I'm sure if someone had an answer for you they would have replied. Not everyone comes in every day, so you might have to wait a little longer.


----------



## shunt2011 (Sep 4, 2015)

Can't help you on coloring as I don't color my solid perfume or my lotion bars.  Sorry!


----------



## soapfan2012 (Sep 4, 2015)

Do you think I could also use glitter?


----------



## galaxyMLP (Sep 4, 2015)

I don't make lotion bars (colored or otherwise) but, I would think glitter would be scratchy... If you want shimmer, you'd be best off using micas. I would add very very little color. You don't want people walking around with color spots where they put perfume on. Maybe a little shimmer but that's about it. To me at least I don't want to walk around with color spots.


----------



## shunt2011 (Sep 4, 2015)

I wouldn't want any kind of glitter or sparkle to be honest.  I sell most of my solid and roll on perfumes to older women not teenagers.


----------



## janzo (Sep 4, 2015)

I have tried making solid perfume but the smell of the beeswax just comes through the fragrances I use.  I hate the smell of beeswax, is there no way of getting rid of it!!


----------



## shunt2011 (Sep 4, 2015)

I use the whit bleached beeswax. I don't notice any carryover scent. You could also try soy, candelilla, carnauba or rice bran wax in place of the beeswax   You would need to play with the amounts as candelilla and carnauba are harder than beeswax.  Not sure about the rice bran wax as I've not used it.  Soy wax may be somewhat softer.


----------



## janzo (Sep 5, 2015)

Thank you Shunt for those suggestions.  Natural beeswax is so cheap here, but obviously not the way to go for solid perfume.


----------



## Trix (Sep 5, 2015)

For th OP , using a tiny amount of mica will colour your perfume base, but try and leave the shimmer either for teenagers, or around xmas time.

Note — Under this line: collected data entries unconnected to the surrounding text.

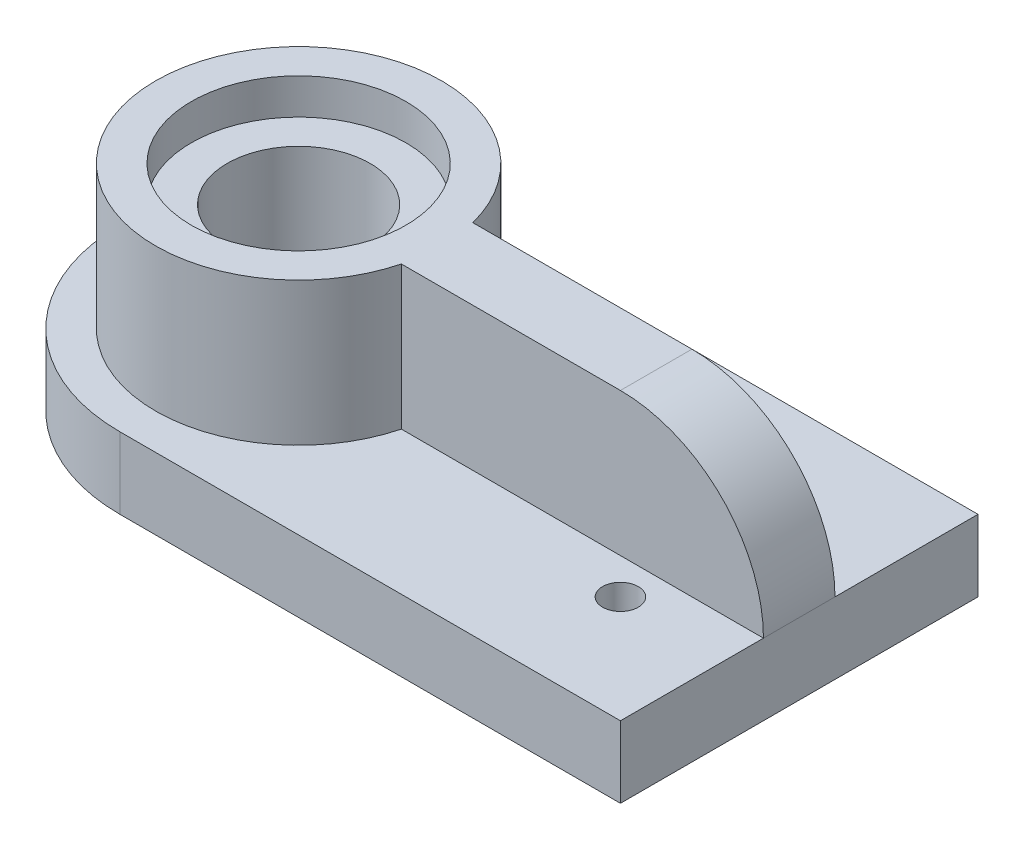
ISO-10303-21;
HEADER;
FILE_DESCRIPTION(('STEP AP214'),'2;1');
FILE_NAME('part.step','',(''),(''),'','','');
FILE_SCHEMA(('AUTOMOTIVE_DESIGN { 1 0 10303 214 1 1 1 1 }'));
ENDSEC;
DATA;
#1=APPLICATION_CONTEXT('core data for automotive mechanical design processes');
#2=APPLICATION_PROTOCOL_DEFINITION('international standard','automotive_design',2000,#1);
#3=PRODUCT_CONTEXT('',#1,'mechanical');
#4=PRODUCT('Part','Part','',(#3));
#5=PRODUCT_RELATED_PRODUCT_CATEGORY('part','',(#4));
#6=PRODUCT_DEFINITION_FORMATION('','',#4);
#7=PRODUCT_DEFINITION_CONTEXT('part definition',#1,'design');
#8=PRODUCT_DEFINITION('design','',#6,#7);
#9=PRODUCT_DEFINITION_SHAPE('','',#8);
#10=(LENGTH_UNIT() NAMED_UNIT(*) SI_UNIT(.MILLI.,.METRE.));
#11=(NAMED_UNIT(*) PLANE_ANGLE_UNIT() SI_UNIT($,.RADIAN.));
#12=(NAMED_UNIT(*) SI_UNIT($,.STERADIAN.) SOLID_ANGLE_UNIT());
#13=UNCERTAINTY_MEASURE_WITH_UNIT(LENGTH_MEASURE(1.E-05),#10,'distance_accuracy_value','');
#14=(GEOMETRIC_REPRESENTATION_CONTEXT(3) GLOBAL_UNCERTAINTY_ASSIGNED_CONTEXT((#13)) GLOBAL_UNIT_ASSIGNED_CONTEXT((#10,
#11,#12)) REPRESENTATION_CONTEXT('',''));
#15=CARTESIAN_POINT('',(0.,0.,0.));
#16=DIRECTION('',(0.,0.,1.));
#17=DIRECTION('',(1.,0.,0.));
#18=AXIS2_PLACEMENT_3D('',#15,#16,#17);
#19=CARTESIAN_POINT('',(25.,30.,-25.));
#20=DIRECTION('',(0.,-1.,0.));
#21=DIRECTION('',(0.,0.,-1.));
#22=AXIS2_PLACEMENT_3D('',#19,#20,#21);
#23=CYLINDRICAL_SURFACE('',#22,10.);
#24=CARTESIAN_POINT('',(25.,0.,-25.));
#25=DIRECTION('',(0.,1.,0.));
#26=DIRECTION('',(0.,0.,1.));
#27=AXIS2_PLACEMENT_3D('',#24,#25,#26);
#28=CIRCLE('',#27,10.);
#29=CARTESIAN_POINT('',(25.,0.,-15.));
#30=VERTEX_POINT('',#29);
#31=EDGE_CURVE('E135',#30,#30,#28,.T.);
#32=ORIENTED_EDGE('',*,*,#31,.F.);
#33=EDGE_LOOP('',(#32));
#34=FACE_BOUND('',#33,.T.);
#35=CARTESIAN_POINT('',(25.,25.,-25.));
#36=DIRECTION('',(0.,1.,0.));
#37=DIRECTION('',(0.,0.,1.));
#38=AXIS2_PLACEMENT_3D('',#35,#36,#37);
#39=CIRCLE('',#38,10.);
#40=CARTESIAN_POINT('',(25.,25.,-15.));
#41=VERTEX_POINT('',#40);
#42=EDGE_CURVE('E417',#41,#41,#39,.T.);
#43=ORIENTED_EDGE('',*,*,#42,.T.);
#44=EDGE_LOOP('',(#43));
#45=FACE_BOUND('',#44,.T.);
#46=ADVANCED_FACE('F47',(#34,#45),#23,.F.);
#47=CARTESIAN_POINT('',(25.,10.,-25.));
#48=DIRECTION('',(0.,-1.,0.));
#49=DIRECTION('',(0.,0.,-1.));
#50=AXIS2_PLACEMENT_3D('',#47,#48,#49);
#51=CYLINDRICAL_SURFACE('',#50,25.);
#52=DIRECTION('',(0.,1.,0.));
#53=VECTOR('',#52,1.);
#54=CARTESIAN_POINT('',(25.,10.,0.));
#55=LINE('',#54,#53);
#56=CARTESIAN_POINT('',(25.,10.,0.));
#57=VERTEX_POINT('',#56);
#58=CARTESIAN_POINT('',(25.,0.,0.));
#59=VERTEX_POINT('',#58);
#60=EDGE_CURVE('E183',#57,#59,#55,.F.);
#61=ORIENTED_EDGE('',*,*,#60,.F.);
#62=CARTESIAN_POINT('',(25.,10.,-25.));
#63=DIRECTION('',(0.,1.,0.));
#64=DIRECTION('',(0.,0.,1.));
#65=AXIS2_PLACEMENT_3D('',#62,#63,#64);
#66=CIRCLE('',#65,25.);
#67=CARTESIAN_POINT('',(25.,10.,-50.));
#68=VERTEX_POINT('',#67);
#69=EDGE_CURVE('E189',#68,#57,#66,.T.);
#70=ORIENTED_EDGE('',*,*,#69,.F.);
#71=DIRECTION('',(0.,-1.,0.));
#72=VECTOR('',#71,1.);
#73=CARTESIAN_POINT('',(25.,10.,-50.));
#74=LINE('',#73,#72);
#75=CARTESIAN_POINT('',(25.,0.,-50.));
#76=VERTEX_POINT('',#75);
#77=EDGE_CURVE('E186',#76,#68,#74,.F.);
#78=ORIENTED_EDGE('',*,*,#77,.F.);
#79=CARTESIAN_POINT('',(25.,0.,-25.));
#80=DIRECTION('',(0.,1.,0.));
#81=DIRECTION('',(0.,0.,1.));
#82=AXIS2_PLACEMENT_3D('',#79,#80,#81);
#83=CIRCLE('',#82,25.);
#84=EDGE_CURVE('E191',#59,#76,#83,.F.);
#85=ORIENTED_EDGE('',*,*,#84,.F.);
#86=EDGE_LOOP('',(#61,#70,#78,#85));
#87=FACE_BOUND('',#86,.T.);
#88=ADVANCED_FACE('F218',(#87),#51,.T.);
#89=CARTESIAN_POINT('',(0.,10.,-50.));
#90=DIRECTION('',(0.,0.,-1.));
#91=DIRECTION('',(-1.,0.,0.));
#92=AXIS2_PLACEMENT_3D('',#89,#90,#91);
#93=PLANE('',#92);
#94=DIRECTION('',(1.,0.,0.));
#95=VECTOR('',#94,1.);
#96=CARTESIAN_POINT('',(0.,0.,-50.));
#97=LINE('',#96,#95);
#98=CARTESIAN_POINT('',(95.,0.,-50.));
#99=VERTEX_POINT('',#98);
#100=EDGE_CURVE('E172',#76,#99,#97,.T.);
#101=ORIENTED_EDGE('',*,*,#100,.F.);
#102=ORIENTED_EDGE('',*,*,#77,.T.);
#103=DIRECTION('',(1.,0.,0.));
#104=VECTOR('',#103,1.);
#105=CARTESIAN_POINT('',(0.,10.,-50.));
#106=LINE('',#105,#104);
#107=CARTESIAN_POINT('',(95.,10.,-50.));
#108=VERTEX_POINT('',#107);
#109=EDGE_CURVE('E159',#68,#108,#106,.T.);
#110=ORIENTED_EDGE('',*,*,#109,.T.);
#111=DIRECTION('',(0.,-1.,0.));
#112=VECTOR('',#111,1.);
#113=CARTESIAN_POINT('',(95.,10.,-50.));
#114=LINE('',#113,#112);
#115=EDGE_CURVE('E180',#108,#99,#114,.T.);
#116=ORIENTED_EDGE('',*,*,#115,.T.);
#117=EDGE_LOOP('',(#101,#102,#110,#116));
#118=FACE_BOUND('',#117,.T.);
#119=ADVANCED_FACE('F224',(#118),#93,.T.);
#120=CARTESIAN_POINT('',(0.,10.,0.));
#121=DIRECTION('',(0.,0.,-1.));
#122=DIRECTION('',(-1.,0.,0.));
#123=AXIS2_PLACEMENT_3D('',#120,#121,#122);
#124=PLANE('',#123);
#125=DIRECTION('',(1.,0.,0.));
#126=VECTOR('',#125,1.);
#127=CARTESIAN_POINT('',(0.,10.,0.));
#128=LINE('',#127,#126);
#129=CARTESIAN_POINT('',(95.,10.,0.));
#130=VERTEX_POINT('',#129);
#131=EDGE_CURVE('E162',#57,#130,#128,.T.);
#132=ORIENTED_EDGE('',*,*,#131,.F.);
#133=ORIENTED_EDGE('',*,*,#60,.T.);
#134=DIRECTION('',(1.,0.,0.));
#135=VECTOR('',#134,1.);
#136=CARTESIAN_POINT('',(0.,0.,0.));
#137=LINE('',#136,#135);
#138=CARTESIAN_POINT('',(95.,0.,0.));
#139=VERTEX_POINT('',#138);
#140=EDGE_CURVE('E175',#59,#139,#137,.T.);
#141=ORIENTED_EDGE('',*,*,#140,.T.);
#142=DIRECTION('',(0.,-1.,0.));
#143=VECTOR('',#142,1.);
#144=CARTESIAN_POINT('',(95.,10.,0.));
#145=LINE('',#144,#143);
#146=EDGE_CURVE('E166',#130,#139,#145,.T.);
#147=ORIENTED_EDGE('',*,*,#146,.F.);
#148=EDGE_LOOP('',(#132,#133,#141,#147));
#149=FACE_BOUND('',#148,.T.);
#150=ADVANCED_FACE('F246',(#149),#124,.F.);
#151=CARTESIAN_POINT('',(95.,10.,0.));
#152=DIRECTION('',(-1.,0.,0.));
#153=DIRECTION('',(0.,0.,1.));
#154=AXIS2_PLACEMENT_3D('',#151,#152,#153);
#155=PLANE('',#154);
#156=DIRECTION('',(0.,0.,-1.));
#157=VECTOR('',#156,1.);
#158=CARTESIAN_POINT('',(95.,10.,0.));
#159=LINE('',#158,#157);
#160=CARTESIAN_POINT('',(95.,10.,-30.));
#161=VERTEX_POINT('',#160);
#162=EDGE_CURVE('E156',#161,#108,#159,.T.);
#163=ORIENTED_EDGE('',*,*,#162,.F.);
#164=DIRECTION('',(0.,0.,-1.));
#165=VECTOR('',#164,1.);
#166=CARTESIAN_POINT('',(95.,10.,-20.));
#167=LINE('',#166,#165);
#168=CARTESIAN_POINT('',(95.,10.,-20.));
#169=VERTEX_POINT('',#168);
#170=EDGE_CURVE('E55',#161,#169,#167,.F.);
#171=ORIENTED_EDGE('',*,*,#170,.T.);
#172=EDGE_CURVE('E160',#130,#169,#159,.T.);
#173=ORIENTED_EDGE('',*,*,#172,.F.);
#174=ORIENTED_EDGE('',*,*,#146,.T.);
#175=DIRECTION('',(0.,0.,-1.));
#176=VECTOR('',#175,1.);
#177=CARTESIAN_POINT('',(95.,0.,0.));
#178=LINE('',#177,#176);
#179=EDGE_CURVE('E150',#139,#99,#178,.T.);
#180=ORIENTED_EDGE('',*,*,#179,.T.);
#181=ORIENTED_EDGE('',*,*,#115,.F.);
#182=EDGE_LOOP('',(#163,#171,#173,#174,#180,#181));
#183=FACE_BOUND('',#182,.T.);
#184=ADVANCED_FACE('F198',(#183),#155,.F.);
#185=CARTESIAN_POINT('',(80.,10.,-35.));
#186=DIRECTION('',(0.,-1.,0.));
#187=DIRECTION('',(0.,0.,-1.));
#188=AXIS2_PLACEMENT_3D('',#185,#186,#187);
#189=CYLINDRICAL_SURFACE('',#188,2.50000000000001);
#190=CARTESIAN_POINT('',(80.,10.,-35.));
#191=DIRECTION('',(0.,1.,0.));
#192=DIRECTION('',(0.,0.,1.));
#193=AXIS2_PLACEMENT_3D('',#190,#191,#192);
#194=CIRCLE('',#193,2.50000000000001);
#195=CARTESIAN_POINT('',(80.,10.,-32.5));
#196=VERTEX_POINT('',#195);
#197=EDGE_CURVE('E149',#196,#196,#194,.T.);
#198=ORIENTED_EDGE('',*,*,#197,.T.);
#199=EDGE_LOOP('',(#198));
#200=FACE_BOUND('',#199,.T.);
#201=CARTESIAN_POINT('',(80.,0.,-35.));
#202=DIRECTION('',(0.,1.,0.));
#203=DIRECTION('',(0.,0.,1.));
#204=AXIS2_PLACEMENT_3D('',#201,#202,#203);
#205=CIRCLE('',#204,2.50000000000001);
#206=CARTESIAN_POINT('',(80.,0.,-32.5));
#207=VERTEX_POINT('',#206);
#208=EDGE_CURVE('E169',#207,#207,#205,.T.);
#209=ORIENTED_EDGE('',*,*,#208,.F.);
#210=EDGE_LOOP('',(#209));
#211=FACE_BOUND('',#210,.T.);
#212=ADVANCED_FACE('F245',(#200,#211),#189,.F.);
#213=CARTESIAN_POINT('',(80.,10.,-15.));
#214=DIRECTION('',(0.,-1.,0.));
#215=DIRECTION('',(0.,0.,-1.));
#216=AXIS2_PLACEMENT_3D('',#213,#214,#215);
#217=CYLINDRICAL_SURFACE('',#216,2.49999999999999);
#218=CARTESIAN_POINT('',(80.,10.,-15.));
#219=DIRECTION('',(0.,1.,0.));
#220=DIRECTION('',(0.,0.,1.));
#221=AXIS2_PLACEMENT_3D('',#218,#219,#220);
#222=CIRCLE('',#221,2.49999999999999);
#223=CARTESIAN_POINT('',(80.,10.,-12.5));
#224=VERTEX_POINT('',#223);
#225=EDGE_CURVE('E146',#224,#224,#222,.T.);
#226=ORIENTED_EDGE('',*,*,#225,.T.);
#227=EDGE_LOOP('',(#226));
#228=FACE_BOUND('',#227,.T.);
#229=CARTESIAN_POINT('',(80.,0.,-15.));
#230=DIRECTION('',(0.,1.,0.));
#231=DIRECTION('',(0.,0.,1.));
#232=AXIS2_PLACEMENT_3D('',#229,#230,#231);
#233=CIRCLE('',#232,2.49999999999999);
#234=CARTESIAN_POINT('',(80.,0.,-12.5));
#235=VERTEX_POINT('',#234);
#236=EDGE_CURVE('E122',#235,#235,#233,.T.);
#237=ORIENTED_EDGE('',*,*,#236,.F.);
#238=EDGE_LOOP('',(#237));
#239=FACE_BOUND('',#238,.T.);
#240=ADVANCED_FACE('F238',(#228,#239),#217,.F.);
#241=CARTESIAN_POINT('',(0.,10.,0.));
#242=DIRECTION('',(0.,1.,0.));
#243=DIRECTION('',(0.,0.,1.));
#244=AXIS2_PLACEMENT_3D('',#241,#242,#243);
#245=PLANE('',#244);
#246=ORIENTED_EDGE('',*,*,#225,.F.);
#247=EDGE_LOOP('',(#246));
#248=FACE_BOUND('',#247,.T.);
#249=ORIENTED_EDGE('',*,*,#197,.F.);
#250=EDGE_LOOP('',(#249));
#251=FACE_BOUND('',#250,.T.);
#252=ORIENTED_EDGE('',*,*,#109,.F.);
#253=ORIENTED_EDGE('',*,*,#69,.T.);
#254=ORIENTED_EDGE('',*,*,#131,.T.);
#255=ORIENTED_EDGE('',*,*,#172,.T.);
#256=DIRECTION('',(-1.,0.,0.));
#257=VECTOR('',#256,1.);
#258=CARTESIAN_POINT('',(0.,10.,-20.));
#259=LINE('',#258,#257);
#260=CARTESIAN_POINT('',(44.3649167310371,10.,-20.));
#261=VERTEX_POINT('',#260);
#262=EDGE_CURVE('E164',#169,#261,#259,.T.);
#263=ORIENTED_EDGE('',*,*,#262,.T.);
#264=CARTESIAN_POINT('',(25.,10.,-25.));
#265=DIRECTION('',(0.,1.,0.));
#266=DIRECTION('',(0.,0.,1.));
#267=AXIS2_PLACEMENT_3D('',#264,#265,#266);
#268=CIRCLE('',#267,20.);
#269=CARTESIAN_POINT('',(44.3649167310371,10.,-30.));
#270=VERTEX_POINT('',#269);
#271=EDGE_CURVE('E153',#270,#261,#268,.T.);
#272=ORIENTED_EDGE('',*,*,#271,.F.);
#273=DIRECTION('',(1.,0.,0.));
#274=VECTOR('',#273,1.);
#275=CARTESIAN_POINT('',(0.,10.,-30.));
#276=LINE('',#275,#274);
#277=EDGE_CURVE('E119',#270,#161,#276,.T.);
#278=ORIENTED_EDGE('',*,*,#277,.T.);
#279=ORIENTED_EDGE('',*,*,#162,.T.);
#280=EDGE_LOOP('',(#252,#253,#254,#255,#263,#272,#278,#279));
#281=FACE_BOUND('',#280,.T.);
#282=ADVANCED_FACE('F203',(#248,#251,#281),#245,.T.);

Janzo when i make solid perfume base, i use candelilla, ozkerite carnuba wax and two carrier oils, it took a lot of reseraching and trying products to get the right unscented ones for the right effects i wanted...but there is a solution out there if you don't want to use beeswax, but like u were told there is a bleached version of it, which is easier.


----------



## soapfan2012 (Sep 7, 2015)

Dear All,
yes the color leaves trace, I cheked it with a white tissue, but it is not noticeble on skin.
So far, did not notice the scent of wax, maybe putting too much fragrance 
The next question is what does Titanium dioxide do with the solid perfume? Any ideas?


----------



## Trix (Sep 7, 2015)

If it is for personal use, why do u want to put titanium dioxide in it?
Usually this is to make products whiter and more opaque. It could also help products last just a little bit longer, by the way it disperses light.


----------



## soapfan2012 (Sep 9, 2015)

I have things left from my soap making "experiments" so now it is time for solid perfume.
What do you mean by light dispersion? I will get a rainbow on my skin? 
Could you give me how much I could put without risk of making it a white paint.


----------



## Trix (Sep 9, 2015)

Lol, not rainbow. They use it in sunscreen products...so think more of a little 'glow'...

I never put more than 5 grams for every 450'grams of oils and waxes.


----------